Referring to the drawing, an embodiment of a computer 100 includes a motherboard 10, a micro control unit (MCU) 20, a capacitive approach sensor module 30, and a capacitive sensor antenna 40. In one embodiment, the MCU 20, the capacitive approach sensor module 30, and the capacitive sensor antenna 40 are arranged on the motherboard 10. In other embodiments, the MCU 20, the capacitive approach sensor module 30, and the capacitive sensor antenna 40 can be arranged on another place, such as mounted on inside walls of the computer 100.

The capacitive sensor antenna 40 is connected to the capacitive approach sensor module 30. The capacitive sensor antenna 40 is used to sense capacitive signals generated from people who are positioned around the capacitive sensor antenna 40. The capacitive approach sensor module 30 is used to receive the capacitive signals sensed by the capacitive sensor antenna 40. The MCU 20 is connected to the capacitive approach sensor module 30 to receive the capacitive signals output by the capacitive sensor antenna 40. The MCU 20 is also connected to a sleep control pin SLEEP of the motherboard 10. The MCU 20 can output a control signal to control the motherboard 20 to enter a sleep state or control the motherboard 20 to exit from the sleep state. For example, if the control signal is a low voltage signal, such as 0 volts (V), the motherboard 10 is controlled to enter the sleep state. If the control signal is a high voltage signal, such as 5V, the motherboard 10 is controlled to exit from the sleep state. The sleep state of the motherboard 20 is a state which can save electricity, which falls within well-known technology, and is therefore not described here.
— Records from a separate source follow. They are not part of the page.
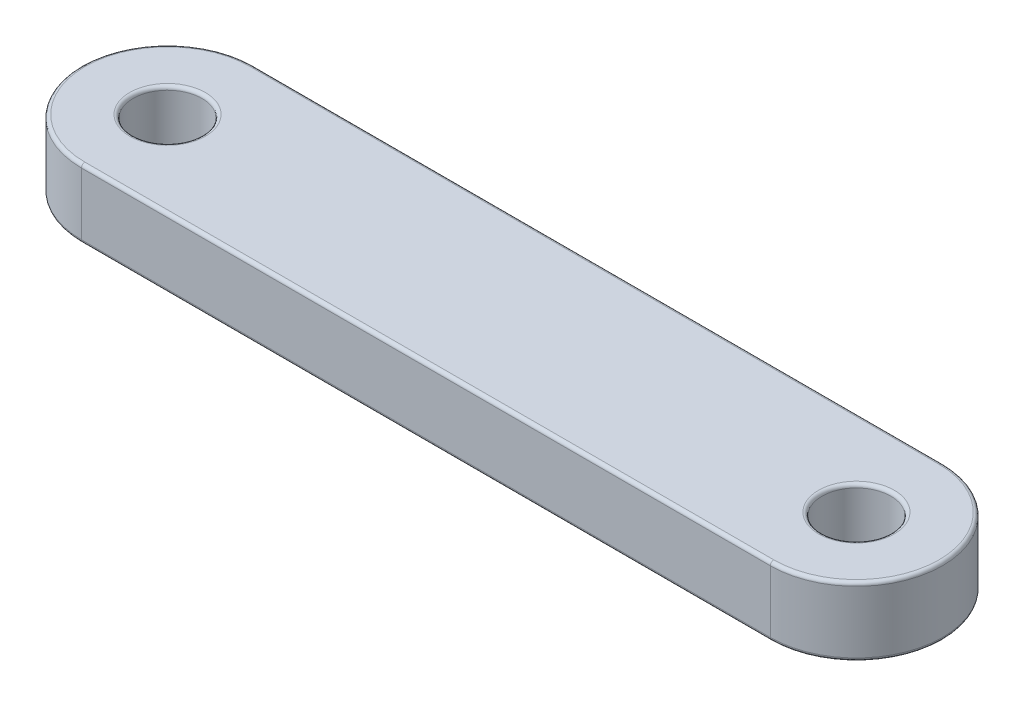
ISO-10303-21;
HEADER;
FILE_DESCRIPTION(('STEP AP214'),'2;1');
FILE_NAME('part.step','',(''),(''),'','','');
FILE_SCHEMA(('AUTOMOTIVE_DESIGN { 1 0 10303 214 1 1 1 1 }'));
ENDSEC;
DATA;
#1=APPLICATION_CONTEXT('core data for automotive mechanical design processes');
#2=APPLICATION_PROTOCOL_DEFINITION('international standard','automotive_design',2000,#1);
#3=PRODUCT_CONTEXT('',#1,'mechanical');
#4=PRODUCT('Part','Part','',(#3));
#5=PRODUCT_RELATED_PRODUCT_CATEGORY('part','',(#4));
#6=PRODUCT_DEFINITION_FORMATION('','',#4);
#7=PRODUCT_DEFINITION_CONTEXT('part definition',#1,'design');
#8=PRODUCT_DEFINITION('design','',#6,#7);
#9=PRODUCT_DEFINITION_SHAPE('','',#8);
#10=(LENGTH_UNIT() NAMED_UNIT(*) SI_UNIT(.MILLI.,.METRE.));
#11=(NAMED_UNIT(*) PLANE_ANGLE_UNIT() SI_UNIT($,.RADIAN.));
#12=(NAMED_UNIT(*) SI_UNIT($,.STERADIAN.) SOLID_ANGLE_UNIT());
#13=UNCERTAINTY_MEASURE_WITH_UNIT(LENGTH_MEASURE(1.E-05),#10,'distance_accuracy_value','');
#14=(GEOMETRIC_REPRESENTATION_CONTEXT(3) GLOBAL_UNCERTAINTY_ASSIGNED_CONTEXT((#13)) GLOBAL_UNIT_ASSIGNED_CONTEXT((#10,
#11,#12)) REPRESENTATION_CONTEXT('',''));
#15=CARTESIAN_POINT('',(0.,0.,0.));
#16=DIRECTION('',(0.,0.,1.));
#17=DIRECTION('',(1.,0.,0.));
#18=AXIS2_PLACEMENT_3D('',#15,#16,#17);
#19=CARTESIAN_POINT('',(-12.5,11.25,0.));
#20=DIRECTION('',(0.,1.,0.));
#21=DIRECTION('',(0.,0.,1.));
#22=AXIS2_PLACEMENT_3D('',#19,#20,#21);
#23=PLANE('',#22);
#24=CARTESIAN_POINT('',(12.5,11.25,0.));
#25=DIRECTION('',(0.,1.,0.));
#26=DIRECTION('',(0.,0.,1.));
#27=AXIS2_PLACEMENT_3D('',#24,#25,#26);
#28=CIRCLE('',#27,1.375);
#29=CARTESIAN_POINT('',(12.5,11.25,1.37499999999998));
#30=VERTEX_POINT('',#29);
#31=EDGE_CURVE('E11',#30,#30,#28,.F.);
#32=ORIENTED_EDGE('',*,*,#31,.T.);
#33=EDGE_LOOP('',(#32));
#34=FACE_BOUND('',#33,.T.);
#35=CARTESIAN_POINT('',(12.5,11.25,0.));
#36=DIRECTION('',(0.,1.,0.));
#37=DIRECTION('',(0.,0.,1.));
#38=AXIS2_PLACEMENT_3D('',#35,#36,#37);
#39=CIRCLE('',#38,3.);
#40=CARTESIAN_POINT('',(12.5,11.25,2.99999999999998));
#41=VERTEX_POINT('',#40);
#42=CARTESIAN_POINT('',(12.5,11.25,-3.00000000000002));
#43=VERTEX_POINT('',#42);
#44=EDGE_CURVE('E53',#41,#43,#39,.T.);
#45=ORIENTED_EDGE('',*,*,#44,.T.);
#46=DIRECTION('',(-1.,0.,0.));
#47=VECTOR('',#46,1.);
#48=CARTESIAN_POINT('',(-12.5,11.25,-3.00000000000002));
#49=LINE('',#48,#47);
#50=CARTESIAN_POINT('',(-12.5,11.25,-3.00000000000002));
#51=VERTEX_POINT('',#50);
#52=EDGE_CURVE('E45',#43,#51,#49,.T.);
#53=ORIENTED_EDGE('',*,*,#52,.T.);
#54=CARTESIAN_POINT('',(-12.5,11.25,0.));
#55=DIRECTION('',(0.,1.,0.));
#56=DIRECTION('',(0.,0.,1.));
#57=AXIS2_PLACEMENT_3D('',#54,#55,#56);
#58=CIRCLE('',#57,3.);
#59=CARTESIAN_POINT('',(-12.5,11.25,2.99999999999998));
#60=VERTEX_POINT('',#59);
#61=EDGE_CURVE('E171',#51,#60,#58,.T.);
#62=ORIENTED_EDGE('',*,*,#61,.T.);
#63=DIRECTION('',(1.,0.,0.));
#64=VECTOR('',#63,1.);
#65=CARTESIAN_POINT('',(12.5,11.25,2.99999999999998));
#66=LINE('',#65,#64);
#67=EDGE_CURVE('E58',#60,#41,#66,.T.);
#68=ORIENTED_EDGE('',*,*,#67,.T.);
#69=EDGE_LOOP('',(#45,#53,#62,#68));
#70=FACE_BOUND('',#69,.T.);
#71=CARTESIAN_POINT('',(-12.5,11.25,0.));
#72=DIRECTION('',(0.,1.,0.));
#73=DIRECTION('',(0.,0.,1.));
#74=AXIS2_PLACEMENT_3D('',#71,#72,#73);
#75=CIRCLE('',#74,1.375);
#76=CARTESIAN_POINT('',(-12.5,11.25,1.37499999999998));
#77=VERTEX_POINT('',#76);
#78=EDGE_CURVE('E168',#77,#77,#75,.F.);
#79=ORIENTED_EDGE('',*,*,#78,.T.);
#80=EDGE_LOOP('',(#79));
#81=FACE_BOUND('',#80,.T.);
#82=ADVANCED_FACE('F36',(#34,#70,#81),#23,.T.);
#83=CARTESIAN_POINT('',(-12.5,8.75,0.));
#84=DIRECTION('',(0.,1.,0.));
#85=DIRECTION('',(0.,0.,1.));
#86=AXIS2_PLACEMENT_3D('',#83,#84,#85);
#87=PLANE('',#86);
#88=CARTESIAN_POINT('',(12.5,8.75,0.));
#89=DIRECTION('',(0.,1.,0.));
#90=DIRECTION('',(0.,0.,1.));
#91=AXIS2_PLACEMENT_3D('',#88,#89,#90);
#92=CIRCLE('',#91,1.375);
#93=CARTESIAN_POINT('',(12.5,8.75,1.37499999999998));
#94=VERTEX_POINT('',#93);
#95=EDGE_CURVE('E133',#94,#94,#92,.T.);
#96=ORIENTED_EDGE('',*,*,#95,.T.);
#97=EDGE_LOOP('',(#96));
#98=FACE_BOUND('',#97,.T.);
#99=CARTESIAN_POINT('',(-12.5,8.75,0.));
#100=DIRECTION('',(0.,1.,0.));
#101=DIRECTION('',(0.,0.,1.));
#102=AXIS2_PLACEMENT_3D('',#99,#100,#101);
#103=CIRCLE('',#102,1.375);
#104=CARTESIAN_POINT('',(-12.5,8.75,1.37499999999998));
#105=VERTEX_POINT('',#104);
#106=EDGE_CURVE('E130',#105,#105,#103,.T.);
#107=ORIENTED_EDGE('',*,*,#106,.T.);
#108=EDGE_LOOP('',(#107));
#109=FACE_BOUND('',#108,.T.);
#110=CARTESIAN_POINT('',(12.5,8.75,0.));
#111=DIRECTION('',(0.,1.,0.));
#112=DIRECTION('',(0.,0.,1.));
#113=AXIS2_PLACEMENT_3D('',#110,#111,#112);
#114=CIRCLE('',#113,3.);
#115=CARTESIAN_POINT('',(12.5,8.75,-3.00000000000002));
#116=VERTEX_POINT('',#115);
#117=CARTESIAN_POINT('',(12.5,8.75,2.99999999999998));
#118=VERTEX_POINT('',#117);
#119=EDGE_CURVE('E129',#116,#118,#114,.F.);
#120=ORIENTED_EDGE('',*,*,#119,.T.);
#121=DIRECTION('',(1.,0.,0.));
#122=VECTOR('',#121,1.);
#123=CARTESIAN_POINT('',(-12.5,8.75,2.99999999999998));
#124=LINE('',#123,#122);
#125=CARTESIAN_POINT('',(-12.5,8.75,2.99999999999998));
#126=VERTEX_POINT('',#125);
#127=EDGE_CURVE('E108',#118,#126,#124,.F.);
#128=ORIENTED_EDGE('',*,*,#127,.T.);
#129=CARTESIAN_POINT('',(-12.5,8.75,0.));
#130=DIRECTION('',(0.,1.,0.));
#131=DIRECTION('',(0.,0.,1.));
#132=AXIS2_PLACEMENT_3D('',#129,#130,#131);
#133=CIRCLE('',#132,3.);
#134=CARTESIAN_POINT('',(-12.5,8.75,-3.00000000000002));
#135=VERTEX_POINT('',#134);
#136=EDGE_CURVE('E118',#126,#135,#133,.F.);
#137=ORIENTED_EDGE('',*,*,#136,.T.);
#138=DIRECTION('',(-1.,0.,0.));
#139=VECTOR('',#138,1.);
#140=CARTESIAN_POINT('',(-12.5,8.75,-3.00000000000002));
#141=LINE('',#140,#139);
#142=EDGE_CURVE('E124',#135,#116,#141,.F.);
#143=ORIENTED_EDGE('',*,*,#142,.T.);
#144=EDGE_LOOP('',(#120,#128,#137,#143));
#145=FACE_BOUND('',#144,.T.);
#146=ADVANCED_FACE('F127',(#98,#109,#145),#87,.F.);
#147=CARTESIAN_POINT('',(-12.5,11.25,0.));
#148=DIRECTION('',(0.,-1.,0.));
#149=DIRECTION('',(0.,0.,-1.));
#150=AXIS2_PLACEMENT_3D('',#147,#148,#149);
#151=CYLINDRICAL_SURFACE('',#150,3.125);
#152=DIRECTION('',(0.,-1.,0.));
#153=VECTOR('',#152,1.);
#154=CARTESIAN_POINT('',(-12.5,11.25,-3.12500000000002));
#155=LINE('',#154,#153);
#156=CARTESIAN_POINT('',(-12.5,11.125,-3.12500000000002));
#157=VERTEX_POINT('',#156);
#158=CARTESIAN_POINT('',(-12.5,8.875,-3.12500000000002));
#159=VERTEX_POINT('',#158);
#160=EDGE_CURVE('E180',#157,#159,#155,.T.);
#161=ORIENTED_EDGE('',*,*,#160,.T.);
#162=CARTESIAN_POINT('',(-12.5,8.875,0.));
#163=DIRECTION('',(0.,1.,0.));
#164=DIRECTION('',(0.,0.,1.));
#165=AXIS2_PLACEMENT_3D('',#162,#163,#164);
#166=CIRCLE('',#165,3.125);
#167=CARTESIAN_POINT('',(-12.5,8.875,3.12499999999998));
#168=VERTEX_POINT('',#167);
#169=EDGE_CURVE('E166',#159,#168,#166,.T.);
#170=ORIENTED_EDGE('',*,*,#169,.T.);
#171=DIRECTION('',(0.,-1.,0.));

In use, when a user using the computer leaves for another place for a while, such as going to the toilet, the capacitive sensor antenna 40 cannot sense a capacitive signal or only can sense a very weak capacitive signal. The capacitive approach sensor module 30 does not output the capacitive signal or only outputs the weak capacitive signal to the MCU 20. The MCU 20 compares the received capacitive signal with a predetermined value saved in the MCU 20, at this time, the received capacitive signal is less than the predetermined value, the MCU 20 will output the low voltage control signal to control the motherboard 10 to enter the sleep state, which can save electricity. If the user goes back to the computer 10, the capacitive sensor antenna 40 can sense a strong capacitive signal, therefore the capacitive approach sensor module 30 outputs the strong capacitive signal to the MCU 20. At this time, the received capacitive signal is greater than or equal to the predetermined value, the MCU 20 will output the high voltage control signal to control the motherboard 10 to exit from the sleep state, which allows the user to continue to work, which is very convenient.

It is to be understood, however, that even though numerous characteristics and advantages of the embodiments have been set forth in the foregoing description, together with details of the structure and function of the embodiments, the disclosure is illustrative only, and changes may be made in details, especially in matters of shape, size, and arrangement of parts within the principles of the embodiments to the full extent indicated by the broad general meaning of the terms in which the appended claims are expressed.

Claims

1. A computer comprising: a motherboard comprising a sleep control pin used to control the motherboard to enter a sleep state or exit from the sleep state;a capacitive sensor antenna operable to sense a capacitive signal generated from people positioned adjacent to the computer;a capacitive approach sensor module operable to receive the capacitive signal sensed by the capacitive sensor antenna; anda micro control unit (MCU) operable to receive the capacitive signal from the capacitive approach sensor module;wherein the MCU outputs a first control signal to the sleep control pin to control the motherboard to enter the sleep state in response to the capacitive signal being less than a predetermined value, the MCU outputs a second control signal to the sleep control pin to control the motherboard to exit from the sleep state in response to the capacitive signal being greater than or equal to the predetermined value.

2. The computer of claim 1, wherein the first and second control signals are respectively a low voltage signal and a high voltage signal.